Your instructions: From the listing below, count the lines where the string "Inventor" occurs. Give the number, with no other words.

Data in this exercise:
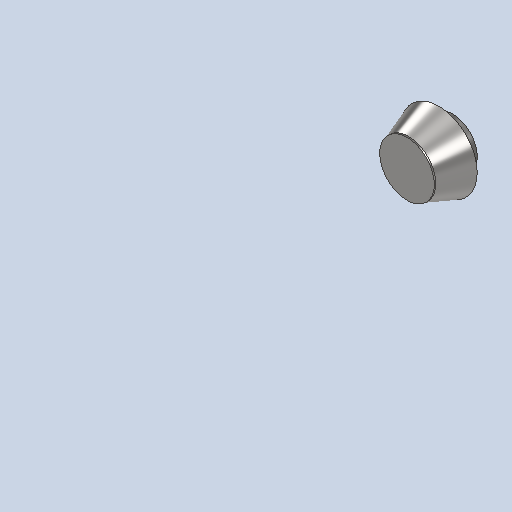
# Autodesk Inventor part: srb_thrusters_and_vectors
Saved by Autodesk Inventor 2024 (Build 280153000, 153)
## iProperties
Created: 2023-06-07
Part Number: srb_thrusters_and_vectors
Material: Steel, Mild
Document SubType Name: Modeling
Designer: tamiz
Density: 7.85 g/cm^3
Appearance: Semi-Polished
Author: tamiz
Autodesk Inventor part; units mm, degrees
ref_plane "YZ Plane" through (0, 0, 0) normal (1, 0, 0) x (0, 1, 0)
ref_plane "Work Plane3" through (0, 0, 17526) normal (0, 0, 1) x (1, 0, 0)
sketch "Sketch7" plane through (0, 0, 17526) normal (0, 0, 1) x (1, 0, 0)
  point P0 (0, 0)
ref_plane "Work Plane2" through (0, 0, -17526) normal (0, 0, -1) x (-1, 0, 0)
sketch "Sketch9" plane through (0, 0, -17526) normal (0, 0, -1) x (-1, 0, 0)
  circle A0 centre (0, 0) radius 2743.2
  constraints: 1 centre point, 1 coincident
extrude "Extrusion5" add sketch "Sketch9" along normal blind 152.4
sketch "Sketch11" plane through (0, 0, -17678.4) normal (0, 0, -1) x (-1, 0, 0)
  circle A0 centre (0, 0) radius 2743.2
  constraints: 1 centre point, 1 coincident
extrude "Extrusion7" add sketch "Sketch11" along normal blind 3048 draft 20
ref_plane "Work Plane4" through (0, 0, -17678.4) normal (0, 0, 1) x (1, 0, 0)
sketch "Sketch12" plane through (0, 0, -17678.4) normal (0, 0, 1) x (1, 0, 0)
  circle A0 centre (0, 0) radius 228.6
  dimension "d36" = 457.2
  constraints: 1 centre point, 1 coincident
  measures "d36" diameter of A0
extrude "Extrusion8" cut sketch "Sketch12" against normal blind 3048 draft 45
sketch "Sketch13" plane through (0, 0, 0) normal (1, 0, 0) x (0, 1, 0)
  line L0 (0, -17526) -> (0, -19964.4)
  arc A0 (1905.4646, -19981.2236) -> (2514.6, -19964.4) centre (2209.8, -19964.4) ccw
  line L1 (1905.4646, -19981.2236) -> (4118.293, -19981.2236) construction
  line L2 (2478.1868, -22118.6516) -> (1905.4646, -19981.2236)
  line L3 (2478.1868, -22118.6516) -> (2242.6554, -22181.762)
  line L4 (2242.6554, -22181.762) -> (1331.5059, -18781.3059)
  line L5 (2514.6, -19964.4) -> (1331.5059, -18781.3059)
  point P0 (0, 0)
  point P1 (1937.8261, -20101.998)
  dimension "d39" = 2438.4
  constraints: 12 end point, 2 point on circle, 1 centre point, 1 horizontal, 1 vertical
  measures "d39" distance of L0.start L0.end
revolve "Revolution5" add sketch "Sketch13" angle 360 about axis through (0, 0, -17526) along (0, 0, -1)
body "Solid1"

Response box: 3